If a line in the data below includes the string "DIRECTION", please return a copy of it.

[INFORMATION PROVIDED — start]

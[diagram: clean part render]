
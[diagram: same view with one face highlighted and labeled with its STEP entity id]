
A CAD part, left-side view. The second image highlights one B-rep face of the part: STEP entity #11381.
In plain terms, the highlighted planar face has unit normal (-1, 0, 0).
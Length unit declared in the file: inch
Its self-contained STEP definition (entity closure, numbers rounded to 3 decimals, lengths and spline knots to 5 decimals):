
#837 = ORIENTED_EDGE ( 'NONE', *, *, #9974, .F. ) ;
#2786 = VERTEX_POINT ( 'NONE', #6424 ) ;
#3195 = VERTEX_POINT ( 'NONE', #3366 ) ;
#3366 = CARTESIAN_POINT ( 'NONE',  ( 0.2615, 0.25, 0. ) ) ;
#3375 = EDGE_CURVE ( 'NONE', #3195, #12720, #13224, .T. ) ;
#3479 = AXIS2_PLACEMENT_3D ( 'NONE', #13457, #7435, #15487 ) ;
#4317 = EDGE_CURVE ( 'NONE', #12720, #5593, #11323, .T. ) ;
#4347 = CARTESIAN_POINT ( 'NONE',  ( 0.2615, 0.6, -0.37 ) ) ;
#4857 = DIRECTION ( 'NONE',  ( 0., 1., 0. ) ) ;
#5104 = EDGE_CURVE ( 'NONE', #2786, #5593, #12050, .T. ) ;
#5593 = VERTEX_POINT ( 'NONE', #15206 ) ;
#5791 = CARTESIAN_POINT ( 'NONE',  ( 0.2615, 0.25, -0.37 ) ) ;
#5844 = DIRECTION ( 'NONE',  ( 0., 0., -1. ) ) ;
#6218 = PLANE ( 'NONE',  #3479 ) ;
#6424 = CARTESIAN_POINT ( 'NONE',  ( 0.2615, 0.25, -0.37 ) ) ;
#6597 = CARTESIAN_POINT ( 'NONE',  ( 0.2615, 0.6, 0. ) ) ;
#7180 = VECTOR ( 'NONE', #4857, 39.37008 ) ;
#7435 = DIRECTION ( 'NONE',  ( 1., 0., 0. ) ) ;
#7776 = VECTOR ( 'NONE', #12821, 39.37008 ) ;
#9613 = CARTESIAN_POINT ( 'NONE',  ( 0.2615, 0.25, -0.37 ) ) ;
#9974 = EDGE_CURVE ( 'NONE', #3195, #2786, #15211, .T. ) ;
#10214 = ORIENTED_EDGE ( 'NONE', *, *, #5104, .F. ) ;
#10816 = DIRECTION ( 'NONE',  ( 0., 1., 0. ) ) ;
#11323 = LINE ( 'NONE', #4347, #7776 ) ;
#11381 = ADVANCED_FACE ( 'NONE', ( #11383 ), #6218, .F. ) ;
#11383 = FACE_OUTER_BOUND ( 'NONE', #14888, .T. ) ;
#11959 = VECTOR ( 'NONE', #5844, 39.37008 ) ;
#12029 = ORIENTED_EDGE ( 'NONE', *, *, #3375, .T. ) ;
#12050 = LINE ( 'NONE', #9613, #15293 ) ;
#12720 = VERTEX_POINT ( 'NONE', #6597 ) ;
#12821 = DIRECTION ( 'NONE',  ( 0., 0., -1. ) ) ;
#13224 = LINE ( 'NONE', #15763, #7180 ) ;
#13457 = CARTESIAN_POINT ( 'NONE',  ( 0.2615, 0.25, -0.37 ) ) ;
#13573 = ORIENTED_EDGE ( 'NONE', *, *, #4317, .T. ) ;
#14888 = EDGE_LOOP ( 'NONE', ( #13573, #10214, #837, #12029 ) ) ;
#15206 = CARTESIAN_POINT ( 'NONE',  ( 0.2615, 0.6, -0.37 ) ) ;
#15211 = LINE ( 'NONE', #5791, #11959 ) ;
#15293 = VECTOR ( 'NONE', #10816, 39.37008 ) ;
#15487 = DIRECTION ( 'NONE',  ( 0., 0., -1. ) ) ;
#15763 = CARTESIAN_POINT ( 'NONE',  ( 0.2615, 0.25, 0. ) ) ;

[INFORMATION PROVIDED — finish]

## EXERCISE RESPONSE
#4857 = DIRECTION ( 'NONE',  ( 0., 1., 0. ) ) ;
#5844 = DIRECTION ( 'NONE',  ( 0., 0., -1. ) ) ;
#7435 = DIRECTION ( 'NONE',  ( 1., 0., 0. ) ) ;
#10816 = DIRECTION ( 'NONE',  ( 0., 1., 0. ) ) ;
#12821 = DIRECTION ( 'NONE',  ( 0., 0., -1. ) ) ;
#15487 = DIRECTION ( 'NONE',  ( 0., 0., -1. ) ) ;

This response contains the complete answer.